## What this task involves
Go through the listing below and output exactly the line with "#115=FACE_BOUND('',#114,.T.);", the line with "#125=LINE('',#124,#123);", and each line between; omit the rest.
== Information shown ==
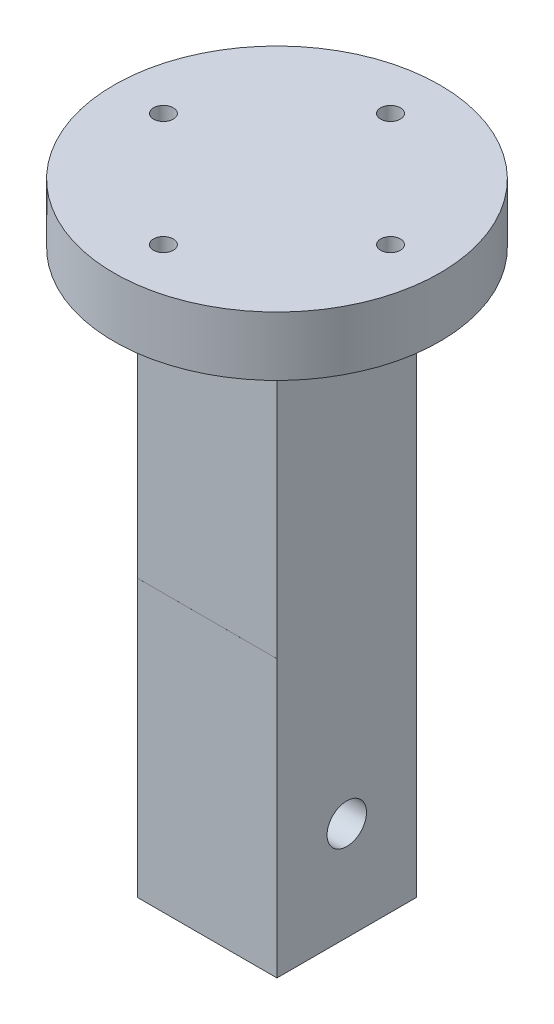
ISO-10303-21;
HEADER;
FILE_DESCRIPTION(('STEP AP214'),'2;1');
FILE_NAME('part.step','',(''),(''),'','','');
FILE_SCHEMA(('AUTOMOTIVE_DESIGN { 1 0 10303 214 1 1 1 1 }'));
ENDSEC;
DATA;
#1=APPLICATION_CONTEXT('core data for automotive mechanical design processes');
#2=APPLICATION_PROTOCOL_DEFINITION('international standard','automotive_design',2000,#1);
#3=PRODUCT_CONTEXT('',#1,'mechanical');
#4=PRODUCT('Part','Part','',(#3));
#5=PRODUCT_RELATED_PRODUCT_CATEGORY('part','',(#4));
#6=PRODUCT_DEFINITION_FORMATION('','',#4);
#7=PRODUCT_DEFINITION_CONTEXT('part definition',#1,'design');
#8=PRODUCT_DEFINITION('design','',#6,#7);
#9=PRODUCT_DEFINITION_SHAPE('','',#8);
#10=(LENGTH_UNIT() NAMED_UNIT(*) SI_UNIT(.MILLI.,.METRE.));
#11=(NAMED_UNIT(*) PLANE_ANGLE_UNIT() SI_UNIT($,.RADIAN.));
#12=(NAMED_UNIT(*) SI_UNIT($,.STERADIAN.) SOLID_ANGLE_UNIT());
#13=UNCERTAINTY_MEASURE_WITH_UNIT(LENGTH_MEASURE(1.E-05),#10,'distance_accuracy_value','');
#14=(GEOMETRIC_REPRESENTATION_CONTEXT(3) GLOBAL_UNCERTAINTY_ASSIGNED_CONTEXT((#13)) GLOBAL_UNIT_ASSIGNED_CONTEXT((#10,
#11,#12)) REPRESENTATION_CONTEXT('',''));
#15=CARTESIAN_POINT('',(0.,0.,0.));
#16=DIRECTION('',(0.,0.,1.));
#17=DIRECTION('',(1.,0.,0.));
#18=AXIS2_PLACEMENT_3D('',#15,#16,#17);
#19=CARTESIAN_POINT('',(0.,0.,0.));
#20=DIRECTION('',(0.,-1.,0.));
#21=DIRECTION('',(0.,0.,-1.));
#22=AXIS2_PLACEMENT_3D('',#19,#20,#21);
#23=PLANE('',#22);
#24=DIRECTION('',(0.,0.,-1.));
#25=VECTOR('',#24,1.);
#26=CARTESIAN_POINT('',(-4.49012806053458,0.,0.));
#27=LINE('',#26,#25);
#28=CARTESIAN_POINT('',(-4.49012806053458,0.,4.49012806053458));
#29=VERTEX_POINT('',#28);
#30=CARTESIAN_POINT('',(-4.49012806053458,0.,4.48953604302271));
#31=VERTEX_POINT('',#30);
#32=EDGE_CURVE('E107',#29,#31,#27,.T.);
#33=ORIENTED_EDGE('',*,*,#32,.F.);
#34=DIRECTION('',(-1.,0.,0.));
#35=VECTOR('',#34,1.);
#36=CARTESIAN_POINT('',(0.,0.,4.49012806053458));
#37=LINE('',#36,#35);
#38=CARTESIAN_POINT('',(4.49012806053458,0.,4.49012806053458));
#39=VERTEX_POINT('',#38);
#40=EDGE_CURVE('E112',#39,#29,#37,.T.);
#41=ORIENTED_EDGE('',*,*,#40,.F.);
#42=DIRECTION('',(0.,0.,1.));
#43=VECTOR('',#42,1.);
#44=CARTESIAN_POINT('',(4.49012806053458,0.,0.));
#45=LINE('',#44,#43);
#46=CARTESIAN_POINT('',(4.49012806053458,0.,4.48953604302271));
#47=VERTEX_POINT('',#46);
#48=EDGE_CURVE('E129',#47,#39,#45,.T.);
#49=ORIENTED_EDGE('',*,*,#48,.F.);
#50=DIRECTION('',(1.,0.,0.));
#51=VECTOR('',#50,1.);
#52=CARTESIAN_POINT('',(-4.49072,0.,4.48953604302271));
#53=LINE('',#52,#51);
#54=EDGE_CURVE('E125',#31,#47,#53,.T.);
#55=ORIENTED_EDGE('',*,*,#54,.F.);
#56=EDGE_LOOP('',(#33,#41,#49,#55));
#57=FACE_BOUND('',#56,.T.);
#58=ADVANCED_FACE('F35',(#57),#23,.F.);
#59=CARTESIAN_POINT('',(-4.49012806053458,0.,-4.48953604302271));
#60=VERTEX_POINT('',#59);
#61=CARTESIAN_POINT('',(-4.49012806053458,0.,-4.49012806053458));
#62=VERTEX_POINT('',#61);
#63=EDGE_CURVE('E144',#60,#62,#27,.T.);
#64=ORIENTED_EDGE('',*,*,#63,.F.);
#65=DIRECTION('',(-1.,0.,0.));
#66=VECTOR('',#65,1.);
#67=CARTESIAN_POINT('',(-4.49072,0.,-4.48953604302271));
#68=LINE('',#67,#66);
#69=CARTESIAN_POINT('',(4.49012806053458,0.,-4.48953604302271));
#70=VERTEX_POINT('',#69);
#71=EDGE_CURVE('E191',#70,#60,#68,.T.);
#72=ORIENTED_EDGE('',*,*,#71,.F.);
#73=CARTESIAN_POINT('',(4.49012806053458,0.,-4.49012806053458));
#74=VERTEX_POINT('',#73);
#75=EDGE_CURVE('E134',#74,#70,#45,.T.);
#76=ORIENTED_EDGE('',*,*,#75,.F.);
#77=DIRECTION('',(1.,0.,0.));
#78=VECTOR('',#77,1.);
#79=CARTESIAN_POINT('',(0.,0.,-4.49012806053458));
#80=LINE('',#79,#78);
#81=EDGE_CURVE('E130',#62,#74,#80,.T.);
#82=ORIENTED_EDGE('',*,*,#81,.F.);
#83=EDGE_LOOP('',(#64,#72,#76,#82));
#84=FACE_BOUND('',#83,.T.);
#85=ADVANCED_FACE('F202',(#84),#23,.F.);
#86=CARTESIAN_POINT('',(-4.49072,18.415,-4.48953604302271));
#87=DIRECTION('',(0.,0.,1.));
#88=DIRECTION('',(1.,0.,0.));
#89=AXIS2_PLACEMENT_3D('',#86,#87,#88);
#90=PLANE('',#89);
#91=DIRECTION('',(0.,-1.,0.));
#92=VECTOR('',#91,1.);
#93=CARTESIAN_POINT('',(-4.49012806053458,18.415,-4.48953604302271));
#94=LINE('',#93,#92);
#95=CARTESIAN_POINT('',(-4.49012806053458,18.415,-4.48953604302271));
#96=VERTEX_POINT('',#95);
#97=EDGE_CURVE('E143',#96,#60,#94,.T.);
#98=ORIENTED_EDGE('',*,*,#97,.F.);
#99=DIRECTION('',(-1.,0.,0.));
#100=VECTOR('',#99,1.);
#101=CARTESIAN_POINT('',(-4.49072,18.415,-4.48953604302271));
#102=LINE('',#101,#100);
#103=CARTESIAN_POINT('',(4.49012806053458,18.415,-4.48953604302271));
#104=VERTEX_POINT('',#103);
#105=EDGE_CURVE('E44',#104,#96,#102,.T.);
#106=ORIENTED_EDGE('',*,*,#105,.F.);
#107=DIRECTION('',(0.,1.,0.));
#108=VECTOR('',#107,1.);
#109=CARTESIAN_POINT('',(4.49012806053458,18.415,-4.48953604302271));
#110=LINE('',#109,#108);
#111=EDGE_CURVE('E132',#70,#104,#110,.T.);
#112=ORIENTED_EDGE('',*,*,#111,.F.);
#113=ORIENTED_EDGE('',*,*,#71,.T.);
#114=EDGE_LOOP('',(#98,#106,#112,#113));
#115=FACE_BOUND('',#114,.T.);
#116=ADVANCED_FACE('F37',(#115),#90,.F.);
#117=CARTESIAN_POINT('',(-4.49072,18.415,4.48953604302271));
#118=DIRECTION('',(0.,0.,-1.));
#119=DIRECTION('',(-1.,0.,0.));
#120=AXIS2_PLACEMENT_3D('',#117,#118,#119);
#121=PLANE('',#120);
#122=DIRECTION('',(0.,1.,0.));
#123=VECTOR('',#122,1.);
#124=CARTESIAN_POINT('',(-4.49012806053458,18.415,4.48953604302271));
#125=LINE('',#124,#123);
#126=CARTESIAN_POINT('',(-4.49012806053458,18.415,4.48953604302271));
#127=VERTEX_POINT('',#126);
#128=EDGE_CURVE('E101',#31,#127,#125,.T.);
#129=ORIENTED_EDGE('',*,*,#128,.F.);
#130=ORIENTED_EDGE('',*,*,#54,.T.);
#131=DIRECTION('',(0.,-1.,0.));
#132=VECTOR('',#131,1.);
#133=CARTESIAN_POINT('',(4.49012806053458,18.415,4.48953604302271));
#134=LINE('',#133,#132);
#135=CARTESIAN_POINT('',(4.49012806053458,18.415,4.48953604302271));
#136=VERTEX_POINT('',#135);
#137=EDGE_CURVE('E124',#136,#47,#134,.T.);
#138=ORIENTED_EDGE('',*,*,#137,.F.);
#139=DIRECTION('',(1.,0.,0.));
#140=VECTOR('',#139,1.);
#141=CARTESIAN_POINT('',(-4.49072,18.415,4.48953604302271));
#142=LINE('',#141,#140);
#143=EDGE_CURVE('E11',#127,#136,#142,.T.);
#144=ORIENTED_EDGE('',*,*,#143,.F.);
#145=EDGE_LOOP('',(#129,#130,#138,#144));
#146=FACE_BOUND('',#145,.T.);
#147=ADVANCED_FACE('F123',(#146),#121,.F.);
#148=CARTESIAN_POINT('',(0.,18.415,0.));
#149=DIRECTION('',(0.,1.,0.));
#150=DIRECTION('',(0.,0.,1.));
#151=AXIS2_PLACEMENT_3D('',#148,#149,#150);
#152=PLANE('',#151);
#153=DIRECTION('',(0.,0.,1.));
#154=VECTOR('',#153,1.);
#155=CARTESIAN_POINT('',(4.49012806053458,18.415,4.49012806053458));
#156=LINE('',#155,#154);
#157=EDGE_CURVE('E120',#104,#136,#156,.T.);
#158=ORIENTED_EDGE('',*,*,#157,.F.);
#159=ORIENTED_EDGE('',*,*,#105,.T.);
#160=DIRECTION('',(0.,0.,-1.));
#161=VECTOR('',#160,1.);
#162=CARTESIAN_POINT('',(-4.49012806053458,18.415,4.49012806053458));
#163=LINE('',#162,#161);
#164=EDGE_CURVE('E104',#127,#96,#163,.T.);
#165=ORIENTED_EDGE('',*,*,#164,.F.);
#166=ORIENTED_EDGE('',*,*,#143,.T.);
#167=EDGE_LOOP('',(#158,#159,#165,#166));
#168=FACE_BOUND('',#167,.T.);
#169=CARTESIAN_POINT('',(0.,18.415,-7.3025));
#170=DIRECTION('',(0.,1.,0.));
#171=DIRECTION('',(0.,0.,1.));
#172=AXIS2_PLACEMENT_3D('',#169,#170,#171);
#173=CIRCLE('',#172,0.635);
#174=CARTESIAN_POINT('',(0.,18.415,-6.6675));
#175=VERTEX_POINT('',#174);
#176=EDGE_CURVE('E184',#175,#175,#173,.T.);
#177=ORIENTED_EDGE('',*,*,#176,.T.);
#178=EDGE_LOOP('',(#177));
#179=FACE_BOUND('',#178,.T.);
#180=CARTESIAN_POINT('',(7.3025,18.415,0.));
#181=DIRECTION('',(0.,1.,0.));
#182=DIRECTION('',(0.,0.,1.));
#183=AXIS2_PLACEMENT_3D('',#180,#181,#182);
#184=CIRCLE('',#183,0.635000000000002);
#185=CARTESIAN_POINT('',(7.3025,18.415,0.635000000000002));
#186=VERTEX_POINT('',#185);
#187=EDGE_CURVE('E181',#186,#186,#184,.T.);
#188=ORIENTED_EDGE('',*,*,#187,.T.);
#189=EDGE_LOOP('',(#188));
#190=FACE_BOUND('',#189,.T.);
#191=CARTESIAN_POINT('',(-7.3025,18.415,0.));
#192=DIRECTION('',(0.,1.,0.));
#193=DIRECTION('',(0.,0.,1.));
#194=AXIS2_PLACEMENT_3D('',#191,#192,#193);
#195=CIRCLE('',#194,0.635000000000001);
#196=CARTESIAN_POINT('',(-7.3025,18.415,0.635000000000001));
#197=VERTEX_POINT('',#196);
#198=EDGE_CURVE('E178',#197,#197,#195,.T.);
#199=ORIENTED_EDGE('',*,*,#198,.T.);
#200=EDGE_LOOP('',(#199));
#201=FACE_BOUND('',#200,.T.);
#202=CARTESIAN_POINT('',(0.,18.415,7.3025));
#203=DIRECTION('',(0.,1.,0.));
#204=DIRECTION('',(0.,0.,1.));
#205=AXIS2_PLACEMENT_3D('',#202,#203,#204);
#206=CIRCLE('',#205,0.635);
#207=CARTESIAN_POINT('',(0.,18.415,7.9375));
#208=VERTEX_POINT('',#207);
#209=EDGE_CURVE('E167',#208,#208,#206,.T.);
#210=ORIENTED_EDGE('',*,*,#209,.T.);
#211=EDGE_LOOP('',(#210));
#212=FACE_BOUND('',#211,.T.);
#213=CARTESIAN_POINT('',(0.,18.415,0.));
#214=DIRECTION('',(0.,1.,0.));
#215=DIRECTION('',(0.,0.,1.));
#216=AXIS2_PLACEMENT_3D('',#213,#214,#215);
===
## Completed task
#115=FACE_BOUND('',#114,.T.);
#116=ADVANCED_FACE('F37',(#115),#90,.F.);
#117=CARTESIAN_POINT('',(-4.49072,18.415,4.48953604302271));
#118=DIRECTION('',(0.,0.,-1.));
#119=DIRECTION('',(-1.,0.,0.));
#120=AXIS2_PLACEMENT_3D('',#117,#118,#119);
#121=PLANE('',#120);
#122=DIRECTION('',(0.,1.,0.));
#123=VECTOR('',#122,1.);
#124=CARTESIAN_POINT('',(-4.49012806053458,18.415,4.48953604302271));
#125=LINE('',#124,#123);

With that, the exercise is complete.